Я говорила себе тогда: прекрасное в природе примиряет нас, смягчает, как гениальная музыка, и заставляет любить жизнь, этот яркий, непостижимый сон. Но и смерть тоже сон, только без сновидений, тяжелый, лишенный цвета и звука.

Богатство изменило всю мою жизнь, однако неудовлетворенность не только осталась в душе, но и неизмеримо возрастает. Мне не угрожает больше каждодневная притупляющая борьба за существование, и тем напряженнее и свободнее работает неспокойная мысль».

Встреча с Герценом глубоко поразила Лизу. Переняв от Бакунина некоторое пренебрежение к общепризнанным авторитетам и нежелание подчиняться кому бы то ни было, даже если это было во благо, она со свойственной ей настороженностью приглядывалась к этому тучному человеку с острым и вместе печальным взглядом темных глаз.

Ей показалось, что уж очень гладка и красива его уверенная речь, изысканна и нарочита манера поведения, но какое-то почти ощутимое излучение таланта, яркость и быстрота мысли, полемический темперамент и, главное, отвага и горячность, с которой он говорил, пленили ее.

«Борьба — моя поэзия», — сказал он между прочим.
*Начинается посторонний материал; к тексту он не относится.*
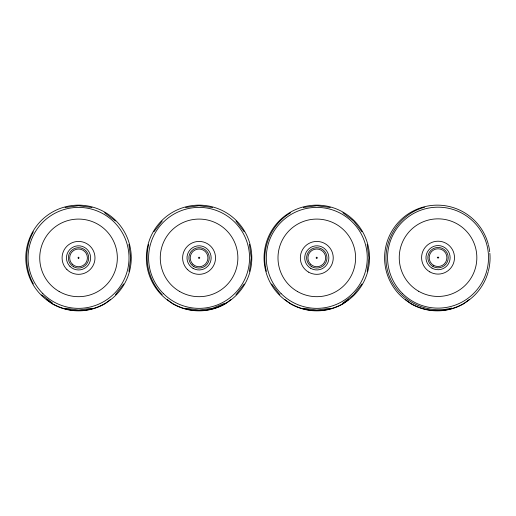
<?xml version="1.0" encoding="UTF-8"?>
<svg xmlns="http://www.w3.org/2000/svg" width="516" height="516" viewBox="0 0 516 516"><rect width="100%" height="100%" fill="white"/><g stroke="black" fill="none" stroke-linecap="round" stroke-linejoin="round"><path stroke-width="0.77" d="M128.916 271.384L130.696 257.884L128.916 244.384M148.692 244.384C144.241 262.199 149.427 281.562 162.192 294.765M249.454 271.384L251.234 257.884L249.454 244.384M367.173 271.384L368.946 257.884L367.173 244.384M33.366 231.8C24.452 247.861 24.452 267.901 33.366 283.961M153.903 231.8L162.192 221.003M115.416 294.765L123.705 283.961M235.96 294.765L244.249 283.961M361.961 283.961L353.673 294.765L342.869 303.053M110.366 299.596L104.903 303.789A52.735 52.735 0 0 1 52.168 303.789L46.704 299.596M290.708 212.715C270.803 224.35 260.567 249.073 266.411 271.384M230.904 299.596L225.44 303.789A52.735 52.735 0 0 1 172.705 303.789L167.249 299.596M348.616 299.596L343.159 303.789A52.735 52.735 0 0 1 290.424 303.789L284.961 299.596M469.16 299.596L463.697 303.789A52.735 52.735 0 0 1 410.962 303.789L405.499 299.596M424.539 207.271C397.533 214.327 380.266 244.229 387.658 271.152C394.714 298.158 424.623 315.424 451.539 308.033M225.157 303.053L212.573 308.265L199.073 310.039L185.573 308.265M65.035 207.503L78.535 205.723L92.035 207.503M185.573 207.503L199.073 205.723L212.573 207.503M303.292 207.503L316.792 205.723L330.292 207.503M92.035 308.265L78.535 310.039L65.035 308.265M330.292 308.265L316.792 310.039L303.292 308.265M437.271 257.652L438.813 257.652M77.768 257.884L79.303 257.884M198.305 257.884L199.847 257.884M316.018 257.884L317.559 257.884M342.869 212.715L353.673 221.003L361.961 231.8M104.613 212.715L115.416 221.003M41.654 294.765L52.458 303.053M235.96 221.003L244.249 231.8M271.622 283.961L279.911 294.765M438.039 256.878L438.039 258.419M316.792 257.11L316.792 258.651M199.073 257.11L199.073 258.651M78.535 257.11L78.535 258.651M489.865 253.298A52.735 52.735 0 0 1 488.458 270.797M488.271 271.532A52.735 52.735 0 0 1 407.079 301.08A52.735 52.735 0 0 1 407.079 214.682A52.735 52.735 0 0 1 488.271 244.236M488.458 244.971A52.735 52.735 0 0 1 489.71 251.763M52.168 303.55A52.735 52.735 0 0 0 131.27 257.884A52.735 52.735 0 0 0 52.168 212.211A52.735 52.735 0 0 0 52.168 303.55M66.906 269.513A16.448 16.448 0 0 0 94.428 262.141A16.448 16.448 0 0 0 74.278 241.991A16.448 16.448 0 0 0 66.906 269.513M69.995 266.424A12.074 12.074 0 0 0 90.203 261.006A12.074 12.074 0 0 0 75.413 246.216A12.074 12.074 0 0 0 69.995 266.424M72.272 264.147A8.856 8.856 0 0 0 87.094 260.174A8.856 8.856 0 0 0 76.245 249.325A8.856 8.856 0 0 0 72.272 264.147M73.44 266.707A10.191 10.191 0 0 0 88.726 257.884A10.191 10.191 0 0 0 73.44 249.054A10.191 10.191 0 0 0 73.44 266.707M42.847 293.572A50.471 50.471 0 0 0 127.291 270.945A50.471 50.471 0 0 0 65.474 209.128A50.471 50.471 0 0 0 42.847 293.572M59.134 291.488A38.803 38.803 0 0 0 117.338 257.884A38.803 38.803 0 0 0 59.134 224.279A38.803 38.803 0 0 0 59.134 291.488M429.815 271.893A16.448 16.448 0 0 0 454.493 257.652A16.448 16.448 0 0 0 429.815 243.404A16.448 16.448 0 0 0 429.815 271.893M432.002 268.107A12.074 12.074 0 0 0 450.12 257.652A12.074 12.074 0 0 0 432.002 247.19A12.074 12.074 0 0 0 432.002 268.107M433.614 265.321A8.856 8.856 0 0 0 446.901 257.652A8.856 8.856 0 0 0 433.614 249.976A8.856 8.856 0 0 0 433.614 265.321M432.943 266.475A10.191 10.191 0 0 0 448.236 257.652A10.191 10.191 0 0 0 432.943 248.822A10.191 10.191 0 0 0 432.943 266.475M402.351 293.34A50.471 50.471 0 0 0 486.794 270.713A50.471 50.471 0 0 0 424.978 208.896A50.471 50.471 0 0 0 402.351 293.34M418.637 291.25A38.803 38.803 0 0 0 476.842 257.652A38.803 38.803 0 0 0 418.637 224.047A38.803 38.803 0 0 0 418.637 291.25M308.562 272.125A16.448 16.448 0 0 0 333.239 257.884A16.448 16.448 0 0 0 308.562 243.636A16.448 16.448 0 0 0 308.562 272.125M310.755 268.339A12.074 12.074 0 0 0 328.866 257.884A12.074 12.074 0 0 0 310.755 247.422A12.074 12.074 0 0 0 310.755 268.339M310.529 264.147A8.856 8.856 0 0 0 325.344 260.174A8.856 8.856 0 0 0 314.496 249.325A8.856 8.856 0 0 0 310.529 264.147M311.696 266.707A10.191 10.191 0 0 0 326.983 257.884A10.191 10.191 0 0 0 311.696 249.054A10.191 10.191 0 0 0 311.696 266.707M281.097 293.572A50.471 50.471 0 0 0 365.541 270.945A50.471 50.471 0 0 0 303.724 209.128A50.471 50.471 0 0 0 281.097 293.572M297.39 291.488A38.803 38.803 0 0 0 355.595 257.884A38.803 38.803 0 0 0 297.39 224.279A38.803 38.803 0 0 0 297.39 291.488M290.424 303.55A52.735 52.735 0 0 0 369.527 257.884A52.735 52.735 0 0 0 290.424 212.211A52.735 52.735 0 0 0 290.424 303.55M172.705 303.55A52.735 52.735 0 0 0 251.814 257.884A52.735 52.735 0 0 0 172.705 212.211A52.735 52.735 0 0 0 172.705 303.55M187.443 269.513A16.448 16.448 0 0 0 214.966 262.141A16.448 16.448 0 0 0 194.816 241.991A16.448 16.448 0 0 0 187.443 269.513M193.036 268.339A12.074 12.074 0 0 0 211.154 257.884A12.074 12.074 0 0 0 193.036 247.422A12.074 12.074 0 0 0 193.036 268.339M192.81 264.147A8.856 8.856 0 0 0 207.632 260.174A8.856 8.856 0 0 0 196.783 249.325A8.856 8.856 0 0 0 192.81 264.147M193.977 266.707A10.191 10.191 0 0 0 209.27 257.884A10.191 10.191 0 0 0 193.977 249.054A10.191 10.191 0 0 0 193.977 266.707M163.385 293.572A50.471 50.471 0 0 0 247.828 270.945A50.471 50.471 0 0 0 186.012 209.128A50.471 50.471 0 0 0 163.385 293.572M179.671 291.488A38.803 38.803 0 0 0 237.876 257.884A38.803 38.803 0 0 0 179.671 224.279A38.803 38.803 0 0 0 179.671 291.488"/></g></svg>

Эти чудесные слова долго вспоминались Лизе. Ей даже начало казаться, что в них есть особое звучание, как у песни. И она решила, что такие люди, как Герцен и те, кого ранее она знавала в Брюсселе, подобно величию и прелести неба, природы и музыки, созданы для того, чтобы опровергнуть дикость и жестокость современной ей жизни, чтобы показать, каким должно стать и будет когда-то человечество.

«Такие именно люди построят царство божье на земле, когда не будет больше зла и горя, — записала Лиза в своем дневнике. — Если бы их не было, над миром зазвучали бы слова Данте в надписи при входе в ад: «Оставь надежду, всяк сюда входящий».

В мае 1853 года Вольная русская типография, устроенная Герценом, была открыта. Управляющим типографией стал польский эмигрант Людвиг Чернецкий, друг и сотрудник Герцена. Наборщики были также поляки, и среди них оказался Сигизмунд Красоцкий, нашедший убежище в Лондоне.

В газете польской демократической эмиграции в том же мае появилась заметка: «Герцен понял долг русского народа; честь ему! Мы же делаем свое дело. Пришло время показать, что с правительством Николая — никогда, создать братский союз с русским народом против его дьявольского правительства — всегда!»